Instructions for the task
Reproduce the lines below exactly. Begin with the first, end with the line containing "doc.styles.add('ＭＳ ゴシック', font='')", and leave out the pictures.

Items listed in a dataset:
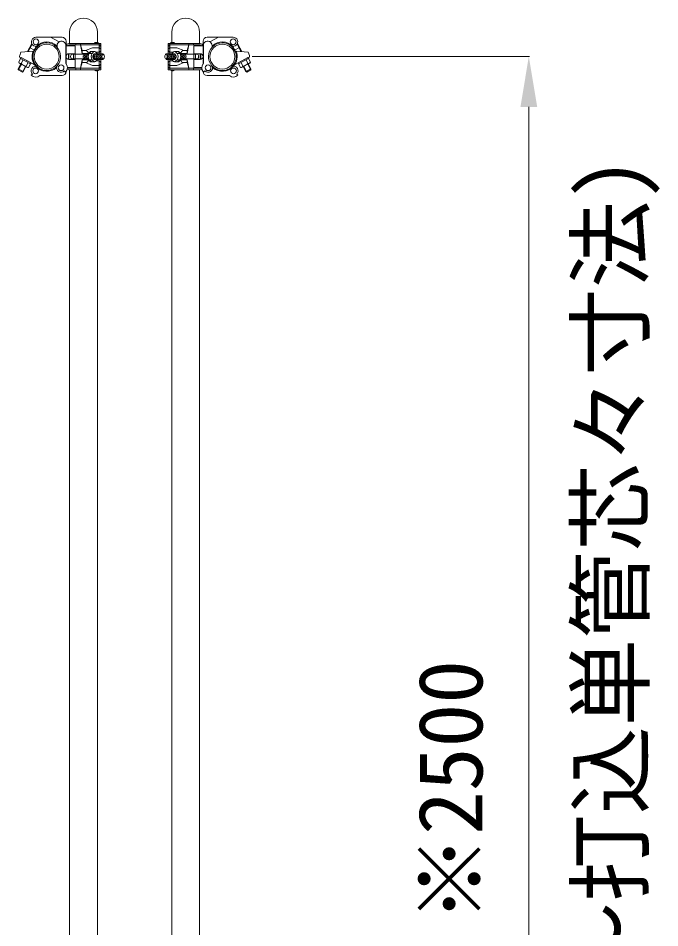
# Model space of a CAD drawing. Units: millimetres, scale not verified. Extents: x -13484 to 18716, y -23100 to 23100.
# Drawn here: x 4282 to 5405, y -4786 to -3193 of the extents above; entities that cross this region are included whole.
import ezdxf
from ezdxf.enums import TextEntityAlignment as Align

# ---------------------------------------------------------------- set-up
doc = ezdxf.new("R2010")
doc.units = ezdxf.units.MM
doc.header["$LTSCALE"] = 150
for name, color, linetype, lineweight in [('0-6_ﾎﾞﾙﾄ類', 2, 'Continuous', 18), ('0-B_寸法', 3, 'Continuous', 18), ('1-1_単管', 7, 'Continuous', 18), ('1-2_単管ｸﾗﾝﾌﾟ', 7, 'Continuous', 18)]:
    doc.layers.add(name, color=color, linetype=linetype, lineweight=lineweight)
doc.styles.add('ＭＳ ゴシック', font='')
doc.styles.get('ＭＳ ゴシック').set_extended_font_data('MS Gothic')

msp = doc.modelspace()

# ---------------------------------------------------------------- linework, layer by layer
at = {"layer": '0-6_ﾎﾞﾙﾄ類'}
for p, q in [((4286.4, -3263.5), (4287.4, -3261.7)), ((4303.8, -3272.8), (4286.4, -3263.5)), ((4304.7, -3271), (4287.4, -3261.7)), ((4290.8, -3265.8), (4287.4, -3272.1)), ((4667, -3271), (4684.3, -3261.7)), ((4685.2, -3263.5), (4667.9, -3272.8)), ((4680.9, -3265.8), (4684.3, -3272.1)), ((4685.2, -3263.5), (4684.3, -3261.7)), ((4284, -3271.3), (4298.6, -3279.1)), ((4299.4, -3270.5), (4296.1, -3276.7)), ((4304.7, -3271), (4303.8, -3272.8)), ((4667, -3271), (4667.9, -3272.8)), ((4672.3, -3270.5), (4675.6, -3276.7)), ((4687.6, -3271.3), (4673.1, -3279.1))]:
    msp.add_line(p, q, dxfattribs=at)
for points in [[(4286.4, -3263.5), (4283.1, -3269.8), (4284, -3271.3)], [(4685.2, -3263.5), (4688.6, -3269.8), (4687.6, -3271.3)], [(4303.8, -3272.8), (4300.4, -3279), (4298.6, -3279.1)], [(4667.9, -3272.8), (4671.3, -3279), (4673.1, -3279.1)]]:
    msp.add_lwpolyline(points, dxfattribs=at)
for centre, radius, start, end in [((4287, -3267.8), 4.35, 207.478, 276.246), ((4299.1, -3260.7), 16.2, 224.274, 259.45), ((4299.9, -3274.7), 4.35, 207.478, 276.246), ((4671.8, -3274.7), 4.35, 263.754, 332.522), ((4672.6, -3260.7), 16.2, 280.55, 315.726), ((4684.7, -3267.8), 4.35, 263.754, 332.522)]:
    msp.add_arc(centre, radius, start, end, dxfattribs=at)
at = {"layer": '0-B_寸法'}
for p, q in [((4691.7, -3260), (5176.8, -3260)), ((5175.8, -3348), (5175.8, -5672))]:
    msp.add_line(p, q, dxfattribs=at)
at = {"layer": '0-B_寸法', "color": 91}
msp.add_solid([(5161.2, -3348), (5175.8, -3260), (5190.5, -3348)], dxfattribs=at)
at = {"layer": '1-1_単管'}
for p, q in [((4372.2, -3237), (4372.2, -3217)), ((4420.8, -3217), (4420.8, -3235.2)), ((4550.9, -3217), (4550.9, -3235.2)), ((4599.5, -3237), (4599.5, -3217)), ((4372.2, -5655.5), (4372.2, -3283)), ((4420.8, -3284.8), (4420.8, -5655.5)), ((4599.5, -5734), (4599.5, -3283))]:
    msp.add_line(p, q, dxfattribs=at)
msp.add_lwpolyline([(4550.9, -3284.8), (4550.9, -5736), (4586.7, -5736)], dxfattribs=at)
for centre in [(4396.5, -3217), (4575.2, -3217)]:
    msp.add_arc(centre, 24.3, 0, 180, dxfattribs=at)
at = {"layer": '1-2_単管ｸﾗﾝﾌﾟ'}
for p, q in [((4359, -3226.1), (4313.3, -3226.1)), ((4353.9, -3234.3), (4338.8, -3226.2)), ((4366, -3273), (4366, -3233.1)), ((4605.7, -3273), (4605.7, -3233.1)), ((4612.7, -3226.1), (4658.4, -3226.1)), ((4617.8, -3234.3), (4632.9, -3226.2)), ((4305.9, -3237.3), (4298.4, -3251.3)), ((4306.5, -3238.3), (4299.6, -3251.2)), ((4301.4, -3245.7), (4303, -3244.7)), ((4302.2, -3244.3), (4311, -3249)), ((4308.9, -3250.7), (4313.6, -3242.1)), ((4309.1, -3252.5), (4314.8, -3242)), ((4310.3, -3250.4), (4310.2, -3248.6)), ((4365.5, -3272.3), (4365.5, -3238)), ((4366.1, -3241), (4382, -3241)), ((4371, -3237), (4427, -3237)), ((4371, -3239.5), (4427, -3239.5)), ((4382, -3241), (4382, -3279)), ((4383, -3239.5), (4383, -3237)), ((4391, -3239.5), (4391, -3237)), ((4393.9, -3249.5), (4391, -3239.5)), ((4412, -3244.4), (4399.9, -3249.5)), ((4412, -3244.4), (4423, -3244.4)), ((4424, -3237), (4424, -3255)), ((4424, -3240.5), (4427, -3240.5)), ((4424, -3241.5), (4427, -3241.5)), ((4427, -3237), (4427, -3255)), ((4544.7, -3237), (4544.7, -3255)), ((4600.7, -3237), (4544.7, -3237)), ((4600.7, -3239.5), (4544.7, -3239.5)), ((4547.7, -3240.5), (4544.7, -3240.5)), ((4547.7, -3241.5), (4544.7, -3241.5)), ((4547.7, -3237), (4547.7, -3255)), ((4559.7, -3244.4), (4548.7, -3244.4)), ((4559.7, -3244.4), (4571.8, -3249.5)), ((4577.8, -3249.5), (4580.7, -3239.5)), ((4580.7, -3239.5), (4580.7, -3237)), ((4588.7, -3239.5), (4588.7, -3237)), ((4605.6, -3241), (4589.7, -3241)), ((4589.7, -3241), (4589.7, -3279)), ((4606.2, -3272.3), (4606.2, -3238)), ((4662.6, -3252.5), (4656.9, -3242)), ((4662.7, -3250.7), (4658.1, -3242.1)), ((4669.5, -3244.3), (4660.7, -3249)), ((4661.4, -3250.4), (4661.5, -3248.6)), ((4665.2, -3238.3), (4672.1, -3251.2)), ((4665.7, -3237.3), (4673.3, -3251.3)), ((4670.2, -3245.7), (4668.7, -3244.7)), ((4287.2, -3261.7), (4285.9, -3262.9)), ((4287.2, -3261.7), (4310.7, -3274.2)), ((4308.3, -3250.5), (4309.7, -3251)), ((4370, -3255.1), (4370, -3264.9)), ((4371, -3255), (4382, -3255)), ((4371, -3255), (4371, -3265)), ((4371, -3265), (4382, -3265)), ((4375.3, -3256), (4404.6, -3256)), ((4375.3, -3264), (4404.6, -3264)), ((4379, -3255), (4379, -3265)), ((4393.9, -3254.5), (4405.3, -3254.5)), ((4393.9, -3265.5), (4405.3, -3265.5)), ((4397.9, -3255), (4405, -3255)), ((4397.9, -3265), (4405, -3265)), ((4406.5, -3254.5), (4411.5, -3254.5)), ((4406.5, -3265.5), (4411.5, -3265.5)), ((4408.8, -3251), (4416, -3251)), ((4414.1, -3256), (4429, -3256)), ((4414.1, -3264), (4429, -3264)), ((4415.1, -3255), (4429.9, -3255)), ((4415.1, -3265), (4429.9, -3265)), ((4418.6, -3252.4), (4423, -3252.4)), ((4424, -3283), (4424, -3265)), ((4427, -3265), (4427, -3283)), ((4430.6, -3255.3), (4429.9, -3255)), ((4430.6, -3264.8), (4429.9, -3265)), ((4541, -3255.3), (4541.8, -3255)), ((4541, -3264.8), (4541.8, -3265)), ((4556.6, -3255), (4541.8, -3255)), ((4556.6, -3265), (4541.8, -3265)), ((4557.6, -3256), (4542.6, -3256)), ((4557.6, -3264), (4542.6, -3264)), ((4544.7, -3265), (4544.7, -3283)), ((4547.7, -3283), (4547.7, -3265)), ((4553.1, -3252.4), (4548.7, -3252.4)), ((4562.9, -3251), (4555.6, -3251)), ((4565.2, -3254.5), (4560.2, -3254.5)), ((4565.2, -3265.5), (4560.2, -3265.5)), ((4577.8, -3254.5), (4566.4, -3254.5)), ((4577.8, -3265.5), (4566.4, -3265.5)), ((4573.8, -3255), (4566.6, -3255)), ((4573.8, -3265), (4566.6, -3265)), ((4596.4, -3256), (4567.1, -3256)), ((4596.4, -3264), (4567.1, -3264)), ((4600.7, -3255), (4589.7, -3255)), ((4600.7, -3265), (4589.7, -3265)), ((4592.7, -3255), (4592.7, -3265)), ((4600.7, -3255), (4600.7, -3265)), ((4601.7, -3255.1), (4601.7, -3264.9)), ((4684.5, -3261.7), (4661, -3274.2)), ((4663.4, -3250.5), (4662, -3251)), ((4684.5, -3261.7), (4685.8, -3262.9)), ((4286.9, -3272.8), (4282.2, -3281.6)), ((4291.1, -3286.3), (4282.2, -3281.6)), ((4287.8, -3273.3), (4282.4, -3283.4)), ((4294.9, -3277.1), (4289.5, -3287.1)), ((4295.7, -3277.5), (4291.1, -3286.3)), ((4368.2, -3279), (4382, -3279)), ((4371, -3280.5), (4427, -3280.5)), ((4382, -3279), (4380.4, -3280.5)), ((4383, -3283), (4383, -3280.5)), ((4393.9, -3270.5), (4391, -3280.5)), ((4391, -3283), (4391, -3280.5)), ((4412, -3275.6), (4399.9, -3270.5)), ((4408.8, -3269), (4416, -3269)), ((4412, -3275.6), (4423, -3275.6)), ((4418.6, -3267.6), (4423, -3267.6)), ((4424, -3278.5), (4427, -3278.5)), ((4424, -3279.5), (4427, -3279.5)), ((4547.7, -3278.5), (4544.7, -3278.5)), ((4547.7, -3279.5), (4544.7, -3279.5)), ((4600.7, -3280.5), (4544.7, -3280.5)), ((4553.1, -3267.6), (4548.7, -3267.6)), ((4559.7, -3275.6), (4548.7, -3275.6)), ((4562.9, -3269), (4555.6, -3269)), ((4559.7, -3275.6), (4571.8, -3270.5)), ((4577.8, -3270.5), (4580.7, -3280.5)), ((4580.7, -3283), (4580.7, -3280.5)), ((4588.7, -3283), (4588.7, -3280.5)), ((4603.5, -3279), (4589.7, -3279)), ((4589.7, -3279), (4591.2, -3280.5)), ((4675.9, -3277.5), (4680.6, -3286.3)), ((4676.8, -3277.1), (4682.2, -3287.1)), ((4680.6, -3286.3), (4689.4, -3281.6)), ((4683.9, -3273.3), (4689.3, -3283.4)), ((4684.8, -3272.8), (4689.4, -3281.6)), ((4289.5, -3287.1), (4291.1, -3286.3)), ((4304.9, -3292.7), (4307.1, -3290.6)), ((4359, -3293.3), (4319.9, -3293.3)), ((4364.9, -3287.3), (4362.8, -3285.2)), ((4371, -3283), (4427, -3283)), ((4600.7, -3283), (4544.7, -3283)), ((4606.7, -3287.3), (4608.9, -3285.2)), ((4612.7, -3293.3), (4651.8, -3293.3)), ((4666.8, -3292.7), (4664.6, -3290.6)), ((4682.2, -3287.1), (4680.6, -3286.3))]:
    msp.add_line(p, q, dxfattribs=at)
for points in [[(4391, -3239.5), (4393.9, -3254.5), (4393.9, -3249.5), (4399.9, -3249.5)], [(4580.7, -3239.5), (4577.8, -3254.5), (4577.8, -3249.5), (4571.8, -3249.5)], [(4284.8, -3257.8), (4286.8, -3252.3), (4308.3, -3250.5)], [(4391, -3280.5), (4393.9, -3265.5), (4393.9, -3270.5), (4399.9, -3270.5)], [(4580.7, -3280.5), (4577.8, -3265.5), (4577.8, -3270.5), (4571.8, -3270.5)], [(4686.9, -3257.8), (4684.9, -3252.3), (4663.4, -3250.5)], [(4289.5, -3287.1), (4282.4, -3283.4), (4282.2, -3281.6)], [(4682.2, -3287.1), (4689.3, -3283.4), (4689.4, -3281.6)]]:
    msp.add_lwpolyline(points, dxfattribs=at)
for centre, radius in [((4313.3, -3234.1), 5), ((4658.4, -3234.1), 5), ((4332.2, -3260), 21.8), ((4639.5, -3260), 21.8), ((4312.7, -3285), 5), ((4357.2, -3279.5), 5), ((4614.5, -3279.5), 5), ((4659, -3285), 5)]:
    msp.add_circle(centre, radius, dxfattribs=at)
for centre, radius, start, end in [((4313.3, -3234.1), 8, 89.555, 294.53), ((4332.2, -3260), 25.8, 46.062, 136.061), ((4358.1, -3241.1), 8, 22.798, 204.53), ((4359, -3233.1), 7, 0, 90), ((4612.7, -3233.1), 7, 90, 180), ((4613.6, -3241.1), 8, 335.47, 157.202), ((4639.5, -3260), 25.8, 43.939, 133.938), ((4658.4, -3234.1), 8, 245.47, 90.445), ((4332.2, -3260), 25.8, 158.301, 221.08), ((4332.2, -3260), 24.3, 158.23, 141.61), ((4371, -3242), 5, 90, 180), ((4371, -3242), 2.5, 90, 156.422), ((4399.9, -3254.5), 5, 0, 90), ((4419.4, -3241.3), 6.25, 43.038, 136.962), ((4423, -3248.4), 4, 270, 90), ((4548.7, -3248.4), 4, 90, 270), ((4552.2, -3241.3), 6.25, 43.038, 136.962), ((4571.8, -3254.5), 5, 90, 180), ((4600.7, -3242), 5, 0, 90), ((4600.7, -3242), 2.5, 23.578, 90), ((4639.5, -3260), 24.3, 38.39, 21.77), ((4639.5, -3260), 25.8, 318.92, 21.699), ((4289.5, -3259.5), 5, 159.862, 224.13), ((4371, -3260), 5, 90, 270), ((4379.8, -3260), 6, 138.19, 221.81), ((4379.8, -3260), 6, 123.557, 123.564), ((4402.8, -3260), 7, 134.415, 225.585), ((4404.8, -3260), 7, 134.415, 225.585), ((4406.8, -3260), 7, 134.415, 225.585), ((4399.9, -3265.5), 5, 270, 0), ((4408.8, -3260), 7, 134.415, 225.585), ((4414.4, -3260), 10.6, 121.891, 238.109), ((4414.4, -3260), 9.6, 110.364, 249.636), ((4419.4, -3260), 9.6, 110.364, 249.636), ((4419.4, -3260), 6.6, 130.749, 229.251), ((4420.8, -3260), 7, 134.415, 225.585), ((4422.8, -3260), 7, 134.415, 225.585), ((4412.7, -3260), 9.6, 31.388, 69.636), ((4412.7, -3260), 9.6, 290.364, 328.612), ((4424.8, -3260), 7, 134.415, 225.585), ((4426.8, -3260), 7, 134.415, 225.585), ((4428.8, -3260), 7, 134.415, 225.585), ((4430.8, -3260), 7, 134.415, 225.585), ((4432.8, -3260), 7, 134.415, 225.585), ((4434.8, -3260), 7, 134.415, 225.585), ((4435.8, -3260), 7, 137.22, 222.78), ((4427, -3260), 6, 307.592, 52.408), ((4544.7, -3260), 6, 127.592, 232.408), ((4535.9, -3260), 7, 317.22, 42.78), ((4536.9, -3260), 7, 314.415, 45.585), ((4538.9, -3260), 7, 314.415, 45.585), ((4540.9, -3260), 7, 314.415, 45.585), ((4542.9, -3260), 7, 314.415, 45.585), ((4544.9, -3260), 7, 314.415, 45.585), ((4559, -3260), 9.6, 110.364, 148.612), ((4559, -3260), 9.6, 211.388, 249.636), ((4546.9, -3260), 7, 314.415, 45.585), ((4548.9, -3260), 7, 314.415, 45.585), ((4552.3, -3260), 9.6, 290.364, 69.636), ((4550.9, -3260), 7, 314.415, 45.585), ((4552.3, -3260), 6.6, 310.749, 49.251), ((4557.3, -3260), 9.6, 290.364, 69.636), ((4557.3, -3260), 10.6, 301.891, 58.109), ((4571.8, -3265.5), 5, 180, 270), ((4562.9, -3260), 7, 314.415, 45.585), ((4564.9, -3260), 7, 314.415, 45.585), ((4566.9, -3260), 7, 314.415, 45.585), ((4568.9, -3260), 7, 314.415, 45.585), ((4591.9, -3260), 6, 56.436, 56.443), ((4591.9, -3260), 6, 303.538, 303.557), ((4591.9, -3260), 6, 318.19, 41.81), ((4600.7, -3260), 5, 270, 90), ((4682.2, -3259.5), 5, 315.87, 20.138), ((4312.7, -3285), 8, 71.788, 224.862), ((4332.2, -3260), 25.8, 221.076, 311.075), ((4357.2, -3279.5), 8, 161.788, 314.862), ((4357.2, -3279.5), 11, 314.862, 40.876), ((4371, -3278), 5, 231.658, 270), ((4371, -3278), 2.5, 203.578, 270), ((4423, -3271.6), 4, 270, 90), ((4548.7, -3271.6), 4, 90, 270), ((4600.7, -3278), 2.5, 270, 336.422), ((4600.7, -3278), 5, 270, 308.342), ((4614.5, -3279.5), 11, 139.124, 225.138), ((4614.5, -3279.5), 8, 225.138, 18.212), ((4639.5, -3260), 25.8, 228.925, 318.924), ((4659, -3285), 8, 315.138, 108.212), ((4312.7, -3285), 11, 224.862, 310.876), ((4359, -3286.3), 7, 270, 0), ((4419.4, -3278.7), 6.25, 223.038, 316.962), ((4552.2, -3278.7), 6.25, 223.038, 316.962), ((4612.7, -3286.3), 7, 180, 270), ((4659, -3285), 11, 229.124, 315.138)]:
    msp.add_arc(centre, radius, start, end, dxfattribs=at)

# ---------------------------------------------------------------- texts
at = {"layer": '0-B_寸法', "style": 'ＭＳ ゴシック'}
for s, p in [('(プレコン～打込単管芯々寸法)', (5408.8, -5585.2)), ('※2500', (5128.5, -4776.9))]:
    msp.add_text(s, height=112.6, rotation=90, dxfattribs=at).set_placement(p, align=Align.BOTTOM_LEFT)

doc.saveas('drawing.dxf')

Result
# Model space of a CAD drawing. Units: millimetres, scale not verified. Extents: x -13484 to 18716, y -23100 to 23100.
# Drawn here: x 4282 to 5405, y -4786 to -3193 of the extents above; entities that cross this region are included whole.
import ezdxf
from ezdxf.enums import TextEntityAlignment as Align

# ---------------------------------------------------------------- set-up
doc = ezdxf.new("R2010")
doc.units = ezdxf.units.MM
doc.header["$LTSCALE"] = 150
for name, color, linetype, lineweight in [('0-6_ﾎﾞﾙﾄ類', 2, 'Continuous', 18), ('0-B_寸法', 3, 'Continuous', 18), ('1-1_単管', 7, 'Continuous', 18), ('1-2_単管ｸﾗﾝﾌﾟ', 7, 'Continuous', 18)]:
    doc.layers.add(name, color=color, linetype=linetype, lineweight=lineweight)
doc.styles.add('ＭＳ ゴシック', font='')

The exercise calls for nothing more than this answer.